* **DESCRIPTION OF THE TASK**
Pictures are not repeated. Every line from the beginning of the entries through the one with "circle A0 centre (0, 0) radius 15" is restated exactly.

= Beginning of Section =

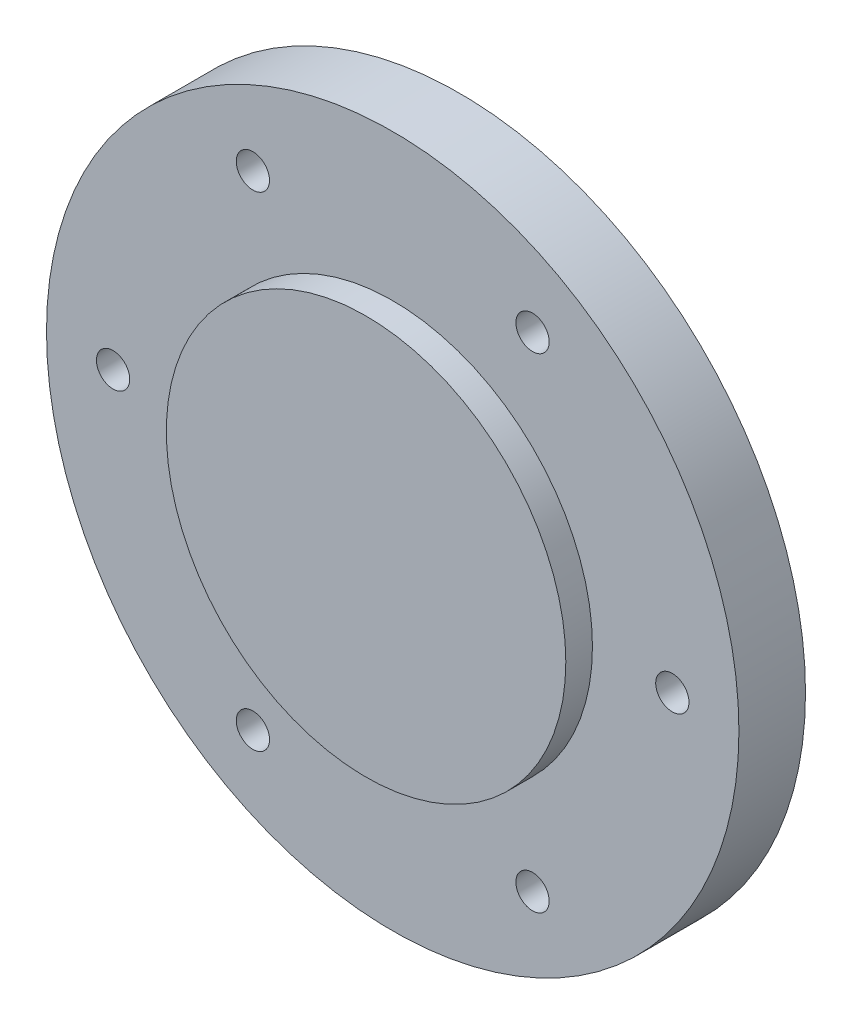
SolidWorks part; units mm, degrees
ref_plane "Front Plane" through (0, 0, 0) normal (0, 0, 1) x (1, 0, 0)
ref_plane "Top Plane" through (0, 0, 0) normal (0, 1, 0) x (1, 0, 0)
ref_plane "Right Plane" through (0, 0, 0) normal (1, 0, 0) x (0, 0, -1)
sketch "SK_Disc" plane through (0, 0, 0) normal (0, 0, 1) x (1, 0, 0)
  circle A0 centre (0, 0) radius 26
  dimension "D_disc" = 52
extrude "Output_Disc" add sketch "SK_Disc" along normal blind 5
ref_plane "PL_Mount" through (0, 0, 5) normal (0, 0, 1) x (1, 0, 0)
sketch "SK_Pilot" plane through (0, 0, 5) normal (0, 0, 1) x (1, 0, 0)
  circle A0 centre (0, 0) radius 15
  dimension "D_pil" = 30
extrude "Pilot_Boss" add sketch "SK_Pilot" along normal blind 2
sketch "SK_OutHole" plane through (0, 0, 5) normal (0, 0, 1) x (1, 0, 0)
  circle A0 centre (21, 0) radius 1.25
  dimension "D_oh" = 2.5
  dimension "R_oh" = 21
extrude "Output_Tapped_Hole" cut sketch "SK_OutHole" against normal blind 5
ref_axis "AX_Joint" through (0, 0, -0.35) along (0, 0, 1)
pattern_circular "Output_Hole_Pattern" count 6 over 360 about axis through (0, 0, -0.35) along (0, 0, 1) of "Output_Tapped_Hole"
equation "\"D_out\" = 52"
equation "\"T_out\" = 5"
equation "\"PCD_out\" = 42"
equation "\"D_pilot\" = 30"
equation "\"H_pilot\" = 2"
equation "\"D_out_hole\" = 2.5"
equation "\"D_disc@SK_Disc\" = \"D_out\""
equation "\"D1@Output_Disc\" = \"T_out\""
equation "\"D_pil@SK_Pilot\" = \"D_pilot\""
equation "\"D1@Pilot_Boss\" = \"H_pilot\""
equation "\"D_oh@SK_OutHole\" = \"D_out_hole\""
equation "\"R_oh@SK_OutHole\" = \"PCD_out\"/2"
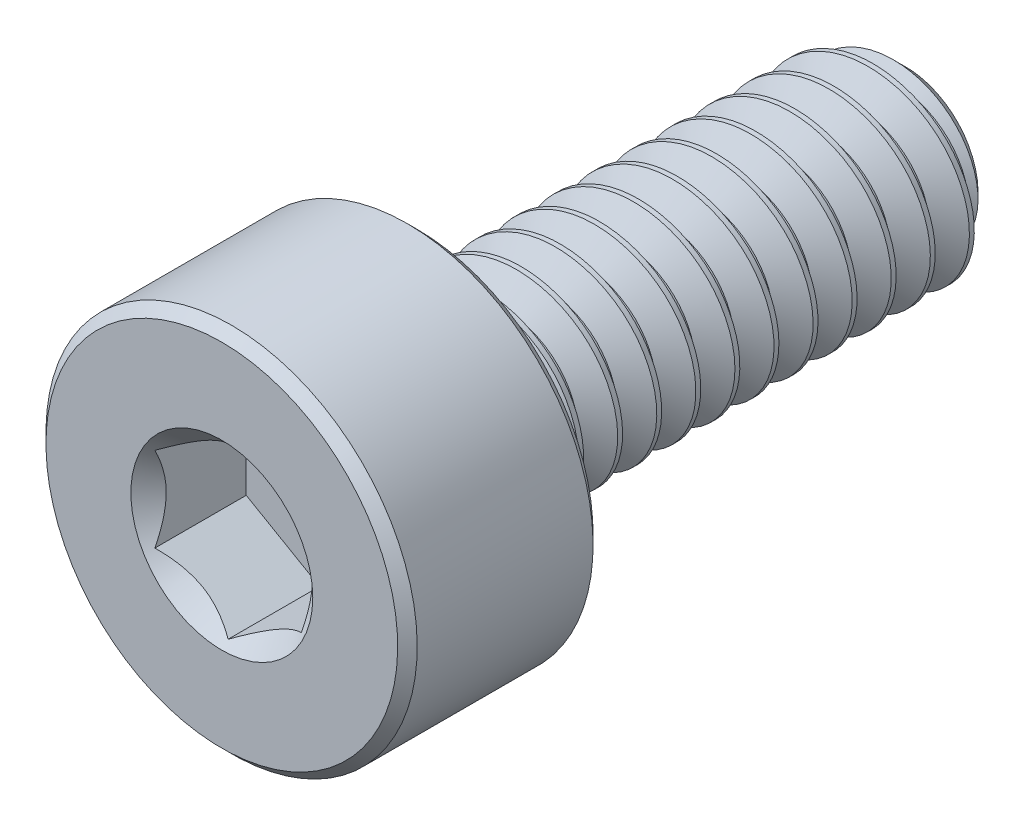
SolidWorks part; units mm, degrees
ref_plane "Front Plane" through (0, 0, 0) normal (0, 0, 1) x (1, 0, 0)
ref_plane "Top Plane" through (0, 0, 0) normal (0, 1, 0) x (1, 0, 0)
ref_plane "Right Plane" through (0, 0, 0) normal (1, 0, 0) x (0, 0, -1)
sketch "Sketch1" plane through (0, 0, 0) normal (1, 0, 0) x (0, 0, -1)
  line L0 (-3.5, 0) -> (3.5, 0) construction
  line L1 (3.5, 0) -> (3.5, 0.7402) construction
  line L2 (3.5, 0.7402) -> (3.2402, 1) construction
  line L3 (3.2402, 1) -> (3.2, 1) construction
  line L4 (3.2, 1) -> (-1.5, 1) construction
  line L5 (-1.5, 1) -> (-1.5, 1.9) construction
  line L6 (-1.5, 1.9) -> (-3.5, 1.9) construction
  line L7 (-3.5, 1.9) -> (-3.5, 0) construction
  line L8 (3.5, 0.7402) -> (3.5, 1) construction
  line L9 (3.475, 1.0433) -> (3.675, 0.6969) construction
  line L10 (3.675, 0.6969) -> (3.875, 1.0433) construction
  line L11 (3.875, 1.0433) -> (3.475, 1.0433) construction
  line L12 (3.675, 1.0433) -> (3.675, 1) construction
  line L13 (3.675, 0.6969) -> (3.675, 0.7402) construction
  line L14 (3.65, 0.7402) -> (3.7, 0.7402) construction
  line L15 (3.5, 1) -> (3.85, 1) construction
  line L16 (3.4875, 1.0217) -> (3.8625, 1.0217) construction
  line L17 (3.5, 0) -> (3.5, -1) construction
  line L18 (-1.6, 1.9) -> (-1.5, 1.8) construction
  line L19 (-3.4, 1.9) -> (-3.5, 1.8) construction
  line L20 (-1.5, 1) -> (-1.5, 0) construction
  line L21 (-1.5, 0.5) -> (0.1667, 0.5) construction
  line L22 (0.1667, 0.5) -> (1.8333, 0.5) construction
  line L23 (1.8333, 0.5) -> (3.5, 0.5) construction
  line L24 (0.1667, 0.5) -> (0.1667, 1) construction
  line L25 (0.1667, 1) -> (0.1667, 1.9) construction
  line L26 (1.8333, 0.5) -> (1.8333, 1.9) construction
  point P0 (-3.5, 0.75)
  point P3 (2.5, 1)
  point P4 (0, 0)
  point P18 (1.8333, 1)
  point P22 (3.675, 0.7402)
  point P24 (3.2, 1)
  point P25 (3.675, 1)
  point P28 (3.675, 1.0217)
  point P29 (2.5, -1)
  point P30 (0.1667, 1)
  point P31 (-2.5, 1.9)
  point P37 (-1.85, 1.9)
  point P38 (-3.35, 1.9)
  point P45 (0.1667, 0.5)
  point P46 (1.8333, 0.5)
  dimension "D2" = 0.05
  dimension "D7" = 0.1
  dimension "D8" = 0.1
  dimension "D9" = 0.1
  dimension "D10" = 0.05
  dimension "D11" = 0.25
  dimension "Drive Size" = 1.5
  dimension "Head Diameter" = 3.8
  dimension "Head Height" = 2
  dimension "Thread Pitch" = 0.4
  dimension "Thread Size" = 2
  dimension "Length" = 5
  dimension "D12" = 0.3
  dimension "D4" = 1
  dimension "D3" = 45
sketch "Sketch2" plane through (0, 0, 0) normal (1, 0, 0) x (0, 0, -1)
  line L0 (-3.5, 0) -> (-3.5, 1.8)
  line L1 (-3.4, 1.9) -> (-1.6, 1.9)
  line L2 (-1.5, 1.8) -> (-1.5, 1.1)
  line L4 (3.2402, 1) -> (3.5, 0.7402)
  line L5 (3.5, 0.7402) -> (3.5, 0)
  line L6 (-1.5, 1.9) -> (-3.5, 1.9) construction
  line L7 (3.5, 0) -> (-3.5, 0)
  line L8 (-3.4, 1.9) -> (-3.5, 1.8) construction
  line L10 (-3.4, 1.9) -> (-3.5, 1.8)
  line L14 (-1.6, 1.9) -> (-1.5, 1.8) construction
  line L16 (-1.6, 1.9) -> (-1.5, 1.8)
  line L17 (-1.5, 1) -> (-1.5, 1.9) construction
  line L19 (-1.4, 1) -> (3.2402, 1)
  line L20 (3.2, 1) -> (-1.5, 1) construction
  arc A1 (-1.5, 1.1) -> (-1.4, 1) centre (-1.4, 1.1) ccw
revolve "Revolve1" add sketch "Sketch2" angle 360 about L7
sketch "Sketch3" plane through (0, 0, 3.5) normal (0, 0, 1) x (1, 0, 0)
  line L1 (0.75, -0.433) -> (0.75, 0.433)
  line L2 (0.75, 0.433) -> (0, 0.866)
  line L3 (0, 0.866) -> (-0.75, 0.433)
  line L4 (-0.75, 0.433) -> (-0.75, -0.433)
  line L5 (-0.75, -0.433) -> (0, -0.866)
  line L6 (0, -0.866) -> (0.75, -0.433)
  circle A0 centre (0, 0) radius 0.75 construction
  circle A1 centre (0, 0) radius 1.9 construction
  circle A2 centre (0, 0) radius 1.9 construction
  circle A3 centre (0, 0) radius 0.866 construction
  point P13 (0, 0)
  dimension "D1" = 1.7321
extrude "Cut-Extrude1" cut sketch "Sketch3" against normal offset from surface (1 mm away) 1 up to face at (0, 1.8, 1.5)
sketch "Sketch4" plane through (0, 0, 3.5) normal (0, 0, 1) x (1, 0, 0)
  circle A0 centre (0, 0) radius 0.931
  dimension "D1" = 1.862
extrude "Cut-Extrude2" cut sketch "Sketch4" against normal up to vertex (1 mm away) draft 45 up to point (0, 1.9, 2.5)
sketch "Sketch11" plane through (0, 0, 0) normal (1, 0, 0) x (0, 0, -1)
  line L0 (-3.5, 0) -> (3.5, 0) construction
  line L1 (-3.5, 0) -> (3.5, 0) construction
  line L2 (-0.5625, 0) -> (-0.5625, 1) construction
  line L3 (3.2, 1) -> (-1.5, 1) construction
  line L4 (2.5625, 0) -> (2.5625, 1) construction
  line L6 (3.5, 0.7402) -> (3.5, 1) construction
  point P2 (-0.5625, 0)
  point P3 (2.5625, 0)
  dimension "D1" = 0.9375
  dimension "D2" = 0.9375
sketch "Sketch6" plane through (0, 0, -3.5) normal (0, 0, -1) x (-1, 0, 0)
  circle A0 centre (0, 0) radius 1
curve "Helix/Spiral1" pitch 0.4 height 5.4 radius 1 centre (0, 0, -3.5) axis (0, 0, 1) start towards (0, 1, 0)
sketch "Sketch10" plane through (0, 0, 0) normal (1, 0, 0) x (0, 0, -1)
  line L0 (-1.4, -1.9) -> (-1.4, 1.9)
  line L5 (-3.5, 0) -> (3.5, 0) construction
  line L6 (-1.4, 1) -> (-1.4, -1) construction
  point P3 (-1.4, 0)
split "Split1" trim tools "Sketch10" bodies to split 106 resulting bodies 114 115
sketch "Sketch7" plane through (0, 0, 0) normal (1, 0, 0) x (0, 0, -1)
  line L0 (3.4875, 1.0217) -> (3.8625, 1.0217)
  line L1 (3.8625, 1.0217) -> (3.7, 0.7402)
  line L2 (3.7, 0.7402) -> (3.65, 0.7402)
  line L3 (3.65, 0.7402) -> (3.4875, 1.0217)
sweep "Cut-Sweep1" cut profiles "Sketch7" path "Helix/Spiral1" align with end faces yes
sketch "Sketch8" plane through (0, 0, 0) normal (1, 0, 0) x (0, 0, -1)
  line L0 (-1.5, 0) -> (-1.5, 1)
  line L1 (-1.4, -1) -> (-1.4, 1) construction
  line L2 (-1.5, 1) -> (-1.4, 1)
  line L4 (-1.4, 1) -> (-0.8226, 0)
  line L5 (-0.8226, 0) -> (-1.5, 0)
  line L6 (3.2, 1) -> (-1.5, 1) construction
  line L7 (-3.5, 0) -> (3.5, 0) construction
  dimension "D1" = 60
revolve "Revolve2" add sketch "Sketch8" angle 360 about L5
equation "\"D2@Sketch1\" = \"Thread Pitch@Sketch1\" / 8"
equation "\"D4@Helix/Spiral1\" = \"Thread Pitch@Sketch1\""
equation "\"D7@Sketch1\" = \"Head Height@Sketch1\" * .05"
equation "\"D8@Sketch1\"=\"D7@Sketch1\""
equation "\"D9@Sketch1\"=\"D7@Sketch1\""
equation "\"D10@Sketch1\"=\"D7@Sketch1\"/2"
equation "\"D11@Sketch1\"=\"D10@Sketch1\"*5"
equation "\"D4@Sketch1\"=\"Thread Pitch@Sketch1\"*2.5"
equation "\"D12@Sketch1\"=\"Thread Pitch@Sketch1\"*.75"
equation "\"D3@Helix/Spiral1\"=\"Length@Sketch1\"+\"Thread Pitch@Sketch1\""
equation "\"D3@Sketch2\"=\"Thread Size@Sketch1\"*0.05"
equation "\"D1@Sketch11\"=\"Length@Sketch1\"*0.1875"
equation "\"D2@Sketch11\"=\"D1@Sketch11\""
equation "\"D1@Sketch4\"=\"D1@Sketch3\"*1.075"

= End of Section =

* **WRITTEN SOLUTION**
SolidWorks part; units mm, degrees
ref_plane "Front Plane" through (0, 0, 0) normal (0, 0, 1) x (1, 0, 0)
ref_plane "Top Plane" through (0, 0, 0) normal (0, 1, 0) x (1, 0, 0)
ref_plane "Right Plane" through (0, 0, 0) normal (1, 0, 0) x (0, 0, -1)
sketch "SK_Disc" plane through (0, 0, 0) normal (0, 0, 1) x (1, 0, 0)
  circle A0 centre (0, 0) radius 26
  dimension "D_disc" = 52
extrude "Output_Disc" add sketch "SK_Disc" along normal blind 5
ref_plane "PL_Mount" through (0, 0, 5) normal (0, 0, 1) x (1, 0, 0)
sketch "SK_Pilot" plane through (0, 0, 5) normal (0, 0, 1) x (1, 0, 0)
  circle A0 centre (0, 0) radius 15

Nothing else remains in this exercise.